WHAT NEEDS TO BE DONE =
Lines below starting with the line with "- M3x10HexCapScrew-1: M3x10HexCapScrew" and going on through the line with "- M3HexNut-1: M3HexNut [90591A121] at (20.0438" must be output exactly; the rest of the records must be left out.

LISTED RECORDS =
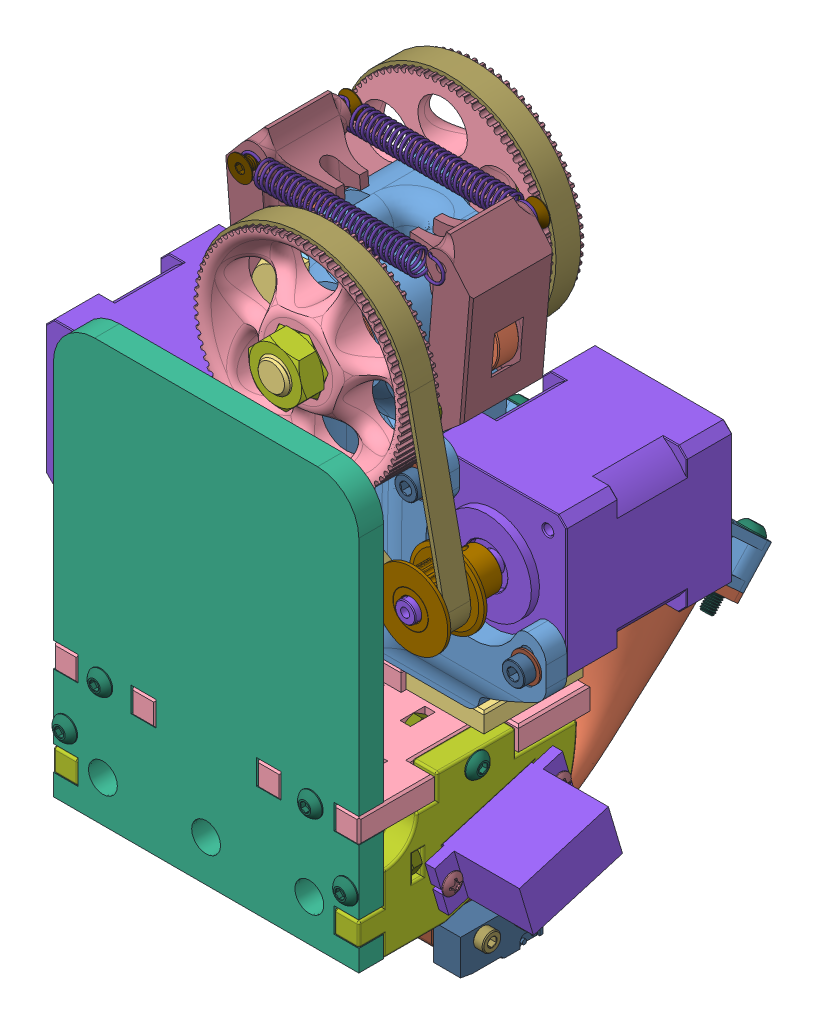
SolidWorks assembly Assembly Instructions, configuration Assemble Idler block. Lengths in mm.
Overall size (108.39 160.35 121.94).
110 component instances, 40 part files, 35 mates.
Components (placement in the parent):
- IttyBittyDoubleExtruderAssembly-1: IttyBittyDoubleExtruderAssembly [Default] at origin size (106.39 98.03 74.25)
  - IttyBittyDoubleExtruderBlock-1: IttyBittyDoubleExtruderBlock [Default] at origin size (106.2 79.3 54.92)
  - Bearing-688-1: Bearing-688 [7804K117] at (-8 64.4888 10.5) size (16 16 5)
  - Bearing-688-2: Bearing-688 [7804K117] at (8 64.4888 16.5) size (16 16 5)
  - Bearing-688-3: Bearing-688 [7804K117] at (8 64.4888 -10.5) size (16 16 5)
  - Bearing-688-4: Bearing-688 [7804K117] at (-8 64.4888 -16.5) size (16 16 5)
  - HobbedBolt-1: HobbedBolt [Default] at (8 64.4888 -14) x (0.945139 -0.326669 0) z (0 0 1) size (14.66 12.7 56.13)
  - Parametric-Pulley-80-8-hex-1: Parametric-Pulley-80-8-hex [Default] at (8 64.4888 32) x (0.986927 0.161169 0) z (0 0 -1) size (50.4 50.4 9.47)
  - Spacer 1mm-1: Spacer 1mm [Default] at (8 64.4888 -14) size (13 13 1)
  - Spacer 2mm-1: Spacer 2mm [Default] at (8 64.4888 19) size (13 13 2)
  - HobbedBolt-2: HobbedBolt [Default] at (-8 64.4888 14) x (-0.397408 -0.917642 0) z (0 0 -1) size (14.66 12.7 56.13)
  - Parametric-Pulley-80-8-hex-2: Parametric-Pulley-80-8-hex [Default] at (-8 64.4888 -32) x (1 0 0) z (0 0 1) size (50.4 50.4 9.47)
  - Spacer 1mm-2: Spacer 1mm [Default] at (-8 64.4888 14) x (-0.923728 -0.383049 0) z (0 0 -1) size (13 13 1)
  - Spacer 2mm-2: Spacer 2mm [Default] at (-8 64.4888 -21) size (13 13 2)
  - 5-16-Nut-1: 5-16-Nut [Default] at (-8 64.4888 -30.3) size (14.66 12.7 5.2)
  - 5-16-Nut-2: 5-16-Nut [Default] at (8 64.4888 25.1) x (0.353886 0.935288 0) z (0 0 1) size (14.66 12.7 5.2)
  - 5-16-Nut-3: 5-16-Nut [Default] at (8 64.4888 30.3) x (0.969294 -0.245906 0) z (0 0 1) size (14.66 12.7 5.2)
  - 5-16-Nut-4: 5-16-Nut [Default] at (-8 64.4888 -35.5) x (0.948708 -0.316153 0) z (0 0 1) size (14.66 12.7 5.2)
  - NEMA14 Stepper Motor-1: NEMA14 Stepper Motor [Default] at (17.9692 8.8788 -30.1574) x (-1 0 0) z (0 1 0) size (36.32 61.75 35.05)
  - GT2_20tooth-1: GT2_20tooth [Default] at (35.4952 26.4048 12.75) x (0 0 1) z (-0.834274 -0.551351 0) size (17.5 18 18)
  - GT2_20tooth-2: GT2_20tooth [Default] at (-35.4952 26.4048 -12.75) x (0 0 -1) z (0.834274 -0.551351 0) size (17.5 18 18)
  - NEMA14 Stepper Motor-2: NEMA14 Stepper Motor [Default] at (-17.9692 8.8788 30.1574) x (1 0 0) z (0 1 0) size (36.32 61.75 35.05)
  - M3x10HexCapScrew-1: M3x10HexCapScrew [91290A115] at (22.5 13.4 5.45) x (-0.709862 0.70434 0) z (0 0 -1) size (5.5 5.5 13.21)
  - M3Washer-1: M3Washer [91166A210] at (22.5 13.4 15) x (0.895294 -0.445476 0) z (0 0 -1) size (7 7 0.45)
  - M3Washer-12: M3Washer [91166A210] at (-22.5 13.4 -15) x (-0.895294 -0.445476 0) z (0 0 1) size (7 7 0.45)
  - M3x10HexCapScrew-5: M3x10HexCapScrew [91290A115] at (-22.5 13.4 -5.45) x (0.709862 0.70434 0) z (0 0 1) size (5.5 5.5 13.21)
  - M3Washer-13: M3Washer [91166A210] at (22.5 39.4 15) x (0.895294 -0.445476 0) z (0 0 -1) size (7 7 0.45)
  - M3Washer-14: M3Washer [91166A210] at (48.5 13.4 15) x (0.895294 -0.445476 0) z (0 0 -1) size (7 7 0.45)
  - M3x10HexCapScrew-6: M3x10HexCapScrew [91290A115] at (22.5 39.4 5.45) x (-0.709862 0.70434 0) z (0 0 -1) size (5.5 5.5 13.21)
  - M3x10HexCapScrew-7: M3x10HexCapScrew [91290A115] at (48.5 13.4 5.45) x (-0.709862 0.70434 0) z (0 0 -1) size (5.5 5.5 13.21)
  - M3Washer-16: M3Washer [91166A210] at (-22.5 39.4 -15) x (-0.895294 -0.445476 0) z (0 0 1) size (7 7 0.45)
  - M3Washer-17: M3Washer [91166A210] at (-48.5 13.4 -15) x (-0.895294 -0.445476 0) z (0 0 1) size (7 7 0.45)
  - M3x10HexCapScrew-9: M3x10HexCapScrew [91290A115] at (-22.5 39.4 -5.45) x (0.709862 0.70434 0) z (0 0 1) size (5.5 5.5 13.21)
  - M3x10HexCapScrew-10: M3x10HexCapScrew [91290A115] at (-48.5 13.4 -5.45) x (0.709862 0.70434 0) z (0 0 1) size (5.5 5.5 13.21)
  - DriveBelt-1: DriveBelt [Default] at (0 0 25.5) x (-1 0 0) z (0 0 -1) size (60.34 70.93 6)
  - DriveBelt-2: DriveBelt [Default] at (0 0 -25.5) size (60.34 70.93 6)
  - IdlerBlock-1: IdlerBlock [Default] at (21.104 63.5553 0) x (-0.996453 0.084148 0) z (0 0 -1) size (20.98 41.13 20.11)
  - Bearing-688-5: Bearing-688 [7804K117] at (21.104 63.5553 0) x (0.754304 -0.656525 0) z (0 0 1) size (16 16 5)
  - IdlerPin-15mm-1: IdlerPin-15mm [Default] at (21.104 63.5553 0) x (-0.996453 0.084148 0) z (0 0 1) size (7.5 8 15.6)
  - M3x25-1: M3x25 [91290A125] at (20.0438 51 15) x (0.098651 -0.995122 0) z (0 0 1) size (5.5 5.5 28.26)
  - M3HexNut-1: M3HexNut [90591A121] at (20.0438 51 11.2) x (0.996239 -0.086644 0) z (-0.086644 -0.996239 0) size (5.5 2.58 6.35)
  - M3HexNut-2: M3HexNut [90591A121] at (-20.0438 51 -11.2) x (-0.996239 -0.086644 0) z (0.086644 -0.996239 0) size (5.5 2.58 6.35)
  - M3x25-2: M3x25 [91290A125] at (-20.0438 51 -15) x (-0.098651 -0.995122 0) z (0 0 -1) size (5.5 5.5 28.26)
  - IdlerPin-15mm-2: IdlerPin-15mm [Default] at (-21.104 63.5553 0) x (0.996453 0.084148 0) z (0 0 -1) size (7.5 8 15.6)
  - Bearing-688-6: Bearing-688 [7804K117] at (-21.104 63.5553 0) x (-0.754304 -0.656525 0) z (0 0 -1) size (16 16 5)
  - IdlerBlock-2: IdlerBlock [Default] at (-21.104 63.5553 0) x (0.996453 0.084148 0) z (0 0 1) size (20.98 41.13 20.11)
  - ExtensionSpring-1: ExtensionSpring [extended] at (-62.7334 81.5024 -11.4843) size (49.53 5.74 5.79)
  - ExtensionSpring-2: ExtensionSpring [extended] at (62.7334 81.5024 11.4843) x (-1 0 0) z (0 0 -1) size (49.53 5.74 5.79)
  - M3x12HexFlatScrew-1: M3x12HexFlatScrew [92125A132] at (22.6187 81.4915 -13.5) x (0.115685 0.993286 0) z (0 0 -1) size (6 6 12.31)
  - M3x12HexFlatScrew-2: M3x12HexFlatScrew [92125A132] at (22.6188 81.4921 13.5) x (-0.115685 -0.993286 0) z (0 0 1) size (6 6 12.31) (hidden)
  - M3x12HexFlatScrew-3: M3x12HexFlatScrew [92125A132] at (-22.6188 81.4921 -13.5) x (0.115685 -0.993286 0) z (0 0 -1) size (6 6 12.31)
  - M3x12HexFlatScrew-4: M3x12HexFlatScrew [92125A132] at (-22.6187 81.4915 13.5) x (-0.115685 0.993286 0) z (0 0 1) size (6 6 12.31)
  - M3HexNut-3: M3HexNut [90591A121] at (0 1.2 7.5) x (0.866025 0 -0.5) z (0.5 0 0.866025) size (5.5 2.58 6.35)
  - M3HexNut-4: M3HexNut [90591A121] at (0 1.2 -7.5) x (0.866025 0 0.5) z (-0.5 0 0.866025) size (5.5 2.58 6.35)
  - M4HexNut-1: M4HexNut [91828A231] at (-24.875 1.6 0) x (0 0 -1) z (1 0 0) size (7 3.44 8.08)
  - M4HexNut-2: M4HexNut [91828A231] at (24.875 1.6 0) x (0 0 -1) z (1 0 0) size (7 3.44 8.08)
- PartCoolingDoubleFanShroud-1: PartCoolingDoubleFanShroud [Default] at (0 -14.2905 -53.1989) x (1 0 0) z (0 -0.679891 -0.733313)
- DoubleGrooveMount-1: DoubleGrooveMount [Default] at (0 -4.6 0) x (1 0 0) z (0 0 -1)
- XCarriageShelfAssembly-1: XCarriageShelfAssembly [Default] at (0 -9.6 38.3) size (93.97 118.63 57.77) (flexible)
  - XCarriageDoubleShelf-1: XCarriageDoubleShelf [Default] at (-37 0 -50) x (1 0 0) z (0 0 -1) size (74 10.95 56)
  - 25x25x10Fan-1: 25x25x10Fan [Default] at (-0.033 8 -12.717) x (1 0 0) z (0 -1 0) size (25 25 10)
  - XCarriageBackPlate-1: XCarriageBackPlate [Default] at (-37 -32.5 0) size (74 101.26 6)
  - ServoShelfBracket-1: ServoShelfBracket [Hot End Wiring Vent] at (-31 -6 0) x (0 0 -1) z (1 0 0) size (53 32.5 6)
  - ServoShelfBracket-2: ServoShelfBracket [HXT900] at (37 -6 0) x (0 0 -1) z (1 0 0) size (53 32.5 6)
  - Servo-HXT900-1: Servo-HXT900 [Default] at (55.2 -23.6377 -24.0991) x (0 -0.284598 0.958647) z (-1 0 0) size (32.3 12 29.6)
  - ZProbeAssembly-2: ZProbeAssembly [Default] at (38.1869 -15.2241 -18.2942) x (0 -0.999999 0.001104) z (0 -0.001104 -0.999999) size (39.46 14.76 19.99)
    - Servo Horn-1: Servo Horn [Default] at (34.2536 11.8969 23.9402) size (19.66 4.12 7.35)
    - SnapLimitSwitch-1: SnapLimitSwitch [Default] at (22.9628 5.2957 11.2222) x (0.000181 0 -1) z (0 -1 0) size (19.99 14.86 6.5)
    - ZProbeArmMirrored-1: ZProbeArmMirrored [Default] at (-0.0025 17.1137 27.8606) x (1 0 0.000181) z (0.000181 0 -1) size (33.66 4.95 19.95)
    - M2.5x10HexSocketScrew-1: M2.5x10HexSocketScrew [91292A014] at (25.3259 12.0445 6.4347) x (-0.001575 0 0.999999) z (0 1 0) size (4.5 4.5 13.01)
    - M2.5x10HexSocketScrew-2: M2.5x10HexSocketScrew [91292A014] at (25.3241 12.0445 15.9347) x (-0.043466 0 0.999055) z (0 1 0) size (4.5 4.5 13.01)
    - ServoScrew-1: ServoScrew [93406A071] at (1.841 12.5869 13.9305) x (0.770997 0 -0.636839) z (0 1 0) size (4.93 5.18 10.49)
  - TightDoubleHexagonShroud-1: TightDoubleHexagonShroud [No Support] at (0 -6 0) x (1 0 0) z (0 0 -1) size (57.71 23.73 44.86)
  - M3HexNut-1: M3HexNut [90591A121] at (25.5 -3 -8.2) x (0.5 -0.866025 0) z (-0.866025 -0.5 0) size (5.5 2.58 6.35)
  - M3HexNut-2: M3HexNut [90591A121] at (-25.5 -3 -8.2) x (0.5 0.866025 0) z (0.866025 -0.5 0) size (5.5 2.58 6.35)
  - M3HexNut-3: M3HexNut [90591A121] at (22.8 -3 -22.5) x (0 0.866025 -0.5) z (0 -0.5 -0.866025) size (5.5 2.58 6.35)
  - M3HexNut-4: M3HexNut [90591A121] at (34 -17 -8.2) x (0 -1 0) z (-1 0 0) size (5.5 2.58 6.35)
  - M3HexNut-5: M3HexNut [90591A121] at (-22.8 -3 -22.5) x (0 0 1) z (0 -1 0) size (5.5 2.58 6.35)
  - M3HexNut-6: M3HexNut [90591A121] at (-34 -17 -8.2) x (0.866025 -0.5 0) z (-0.5 -0.866025 0) size (5.5 2.58 6.35)
  - M3x16HexButtonScrew-1: M3x16HexButtonScrew [92095A184] at (-34 -16.66 7.65) x (-0.942036 0.335513 0) z (0 0 1) size (5.7 5.7 18)
  - M3x16HexButtonScrew-2: M3x16HexButtonScrew [92095A184] at (34 -16.66 7.65) x (-0.968696 0.248251 0) z (0 0 1) size (5.7 5.7 18)
  - M3x16HexButtonScrew-3: M3x16HexButtonScrew [92095A184] at (-38.65 -3 -22.5) x (0 0 -1) z (-1 0 0) size (5.7 5.7 18)
  - M3x16HexButtonScrew-4: M3x16HexButtonScrew [92095A184] at (-25.5 -2.66 7.65) x (-0.942623 0.333859 0) z (0 0 1) size (5.7 5.7 18)
  - M3x16HexButtonScrew-5: M3x16HexButtonScrew [92095A184] at (25.5 -2.66 7.65) x (-0.602879 0.797832 0) z (0 0 1) size (5.7 5.7 18)
  - M3x16HexButtonScrew-6: M3x16HexButtonScrew [92095A184] at (38.65 -3 -22.5) x (0 0 1) z (1 0 0) size (5.7 5.7 18)
  - ServoScrew-1: ServoScrew [93406A071] at (39.4 -22.4735 -14.0563) x (0 0 1) z (1 0 0) size (4.93 5.18 10.49)
  - ServoScrew-2: ServoScrew [93406A071] at (39.4 -14.6755 -40.3232) x (0 0 1) z (1 0 0) size (4.93 5.18 10.49)
  - M3x6HexButtonScrew-1: M3x6HexButtonScrew [92095A179] at (-20 -8.85 -15) x (0.993499 0 -0.113843) z (0 -1 0) size (5.7 5.7 7.94)
  - M3x6HexButtonScrew-2: M3x6HexButtonScrew [92095A179] at (20 -8.85 -15) x (1 0 0) z (0 -1 0) size (5.7 5.7 7.94)
  - M3x12HexFlatScrew-1: M3x12HexFlatScrew [92125A132] at (-10.033 -6 -2.717) x (1 0 0) z (0 -1 0) size (6 6 12.31)
  - M3x12HexFlatScrew-2: M3x12HexFlatScrew [92125A132] at (9.967 -6 -22.717) x (1 0 0) z (0 -1 0) size (6 6 12.31)
  - M3x12HexFlatScrew-3: M3x12HexFlatScrew [92125A132] at (9.967 -6 -2.717) x (1 0 0) z (0 -1 0) size (6 6 12.31)
- HexagonAssembled-1: HexagonAssembled [Default] at (-3.9618 -44.0544 0.5889) x (-0.982838 0 0.184472) z (-0.184472 0 -0.982838) size (20 54.51 24.04)
  - HexagonHotEnd-1: HexagonHotEnd [Default] at (-13.8308 34.4544 -1.9967) size (16 54.51 22.04)
  - HexagonBlockInsulator-1: HexagonBlockInsulator [Default] at origin size (20 12.11 22)
- HexagonAssembled-2: HexagonAssembled [Default] at (-11.0086 -44.0544 -13.9377) x (-0.213949 0 -0.976845) z (0.976845 0 -0.213949) size (20 54.51 24.04)
  - HexagonHotEnd-1: HexagonHotEnd [Default] at (-13.8308 34.4544 -1.9967) size (16 54.51 22.04)
  - HexagonBlockInsulator-1: HexagonBlockInsulator [Default] at origin size (20 12.11 22)
- 40x40x10Fan-1: 40x40x10Fan [Default] at (0 -6.9574 -59.9978) x (0 0.679891 0.733313) z (0 -0.733313 0.679891)
- M3x16HexButtonScrew-1: M3x16HexButtonScrew [92095A184] at (-16 -16.6257 -72.8526) x (-0.777621 -0.42747 -0.461058) z (0 0.733313 -0.679891) size (5.7 5.7 18)
- M3x16HexButtonScrew-2: M3x16HexButtonScrew [92095A184] at (-16 5.1309 -49.3866) x (-0.777621 -0.42747 -0.461058) z (0 0.733313 -0.679891) size (5.7 5.7 18)
- M3x16HexButtonScrew-3: M3x16HexButtonScrew [92095A184] at (16 -16.6257 -72.8526) x (-0.777621 -0.42747 -0.461058) z (0 0.733313 -0.679891) size (5.7 5.7 18)
- M3x16HexButtonScrew-4: M3x16HexButtonScrew [92095A184] at (16 5.1309 -49.3866) x (-0.777621 -0.42747 -0.461058) z (0 0.733313 -0.679891) size (5.7 5.7 18)
- M3x25HexSocketScrew-1: M3x25HexSocketScrew [91292A020] at (17.5 0.4 -30) x (0 0 -1) z (1 0 0)
- M3HexNut-2: M3HexNut [90591A121] at (8.7 0.4 -30) x (0 -1 0) z (0 0 1) size (5.5 2.58 6.35)
- M4x20HexButtonScrew-1: M4x20HexButtonScrew [92095A196] at (-24.875 -17.8 0) x (1 0 0) z (0 -1 0)
- M4x20HexButtonScrew-2: M4x20HexButtonScrew [92095A196] at (24.875 -17.8 0) x (1 0 0) z (0 -1 0)
- M3x12HexFlatScrew-1: M3x12HexFlatScrew [92125A132] at (0 -9.6 -7.5) x (0.605151 0 -0.796111) z (0 -1 0) size (6 6 12.31)
- M3x12HexFlatScrew-2: M3x12HexFlatScrew [92125A132] at (0 -9.6 7.5) x (0.605151 0 -0.796111) z (0 -1 0) size (6 6 12.31)
- Insulator-1: Insulator [Default] at (22.5 -38.525 1.5) x (-1 0 0) z (0 0 1) size (48 1.25 26)
Mates (geometry in assembly coordinates):
- Coincident1: coincident aligned: plane of IttyBittyDoubleExtruderAssembly-1/IttyBittyDoubleExtruderBlock-1 through (0 0 0) normal (0 1 0); plane of assembly through (0 0 0) normal (0 1 0)
- Coincident2: coincident aligned: plane of IttyBittyDoubleExtruderAssembly-1/IttyBittyDoubleExtruderBlock-1 through (0 0 0) normal (1 0 0); plane of assembly through (0 0 0) normal (1 0 0)
- Coincident3: coincident aligned: plane of IttyBittyDoubleExtruderAssembly-1/IttyBittyDoubleExtruderBlock-1 through (0 0 0) normal (0 0 1); plane of assembly through (0 0 0) normal (0 0 1)
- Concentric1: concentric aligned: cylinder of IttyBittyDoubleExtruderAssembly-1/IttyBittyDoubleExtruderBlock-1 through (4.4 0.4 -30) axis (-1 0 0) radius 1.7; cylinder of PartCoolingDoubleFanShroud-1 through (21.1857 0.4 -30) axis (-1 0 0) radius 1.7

FINISHED EXERCISE =
  - M3x10HexCapScrew-1: M3x10HexCapScrew [91290A115] at (22.5 13.4 5.45) x (-0.709862 0.70434 0) z (0 0 -1) size (5.5 5.5 13.21)
  - M3Washer-1: M3Washer [91166A210] at (22.5 13.4 15) x (0.895294 -0.445476 0) z (0 0 -1) size (7 7 0.45)
  - M3Washer-12: M3Washer [91166A210] at (-22.5 13.4 -15) x (-0.895294 -0.445476 0) z (0 0 1) size (7 7 0.45)
  - M3x10HexCapScrew-5: M3x10HexCapScrew [91290A115] at (-22.5 13.4 -5.45) x (0.709862 0.70434 0) z (0 0 1) size (5.5 5.5 13.21)
  - M3Washer-13: M3Washer [91166A210] at (22.5 39.4 15) x (0.895294 -0.445476 0) z (0 0 -1) size (7 7 0.45)
  - M3Washer-14: M3Washer [91166A210] at (48.5 13.4 15) x (0.895294 -0.445476 0) z (0 0 -1) size (7 7 0.45)
  - M3x10HexCapScrew-6: M3x10HexCapScrew [91290A115] at (22.5 39.4 5.45) x (-0.709862 0.70434 0) z (0 0 -1) size (5.5 5.5 13.21)
  - M3x10HexCapScrew-7: M3x10HexCapScrew [91290A115] at (48.5 13.4 5.45) x (-0.709862 0.70434 0) z (0 0 -1) size (5.5 5.5 13.21)
  - M3Washer-16: M3Washer [91166A210] at (-22.5 39.4 -15) x (-0.895294 -0.445476 0) z (0 0 1) size (7 7 0.45)
  - M3Washer-17: M3Washer [91166A210] at (-48.5 13.4 -15) x (-0.895294 -0.445476 0) z (0 0 1) size (7 7 0.45)
  - M3x10HexCapScrew-9: M3x10HexCapScrew [91290A115] at (-22.5 39.4 -5.45) x (0.709862 0.70434 0) z (0 0 1) size (5.5 5.5 13.21)
  - M3x10HexCapScrew-10: M3x10HexCapScrew [91290A115] at (-48.5 13.4 -5.45) x (0.709862 0.70434 0) z (0 0 1) size (5.5 5.5 13.21)
  - DriveBelt-1: DriveBelt [Default] at (0 0 25.5) x (-1 0 0) z (0 0 -1) size (60.34 70.93 6)
  - DriveBelt-2: DriveBelt [Default] at (0 0 -25.5) size (60.34 70.93 6)
  - IdlerBlock-1: IdlerBlock [Default] at (21.104 63.5553 0) x (-0.996453 0.084148 0) z (0 0 -1) size (20.98 41.13 20.11)
  - Bearing-688-5: Bearing-688 [7804K117] at (21.104 63.5553 0) x (0.754304 -0.656525 0) z (0 0 1) size (16 16 5)
  - IdlerPin-15mm-1: IdlerPin-15mm [Default] at (21.104 63.5553 0) x (-0.996453 0.084148 0) z (0 0 1) size (7.5 8 15.6)
  - M3x25-1: M3x25 [91290A125] at (20.0438 51 15) x (0.098651 -0.995122 0) z (0 0 1) size (5.5 5.5 28.26)
  - M3HexNut-1: M3HexNut [90591A121] at (20.0438 51 11.2) x (0.996239 -0.086644 0) z (-0.086644 -0.996239 0) size (5.5 2.58 6.35)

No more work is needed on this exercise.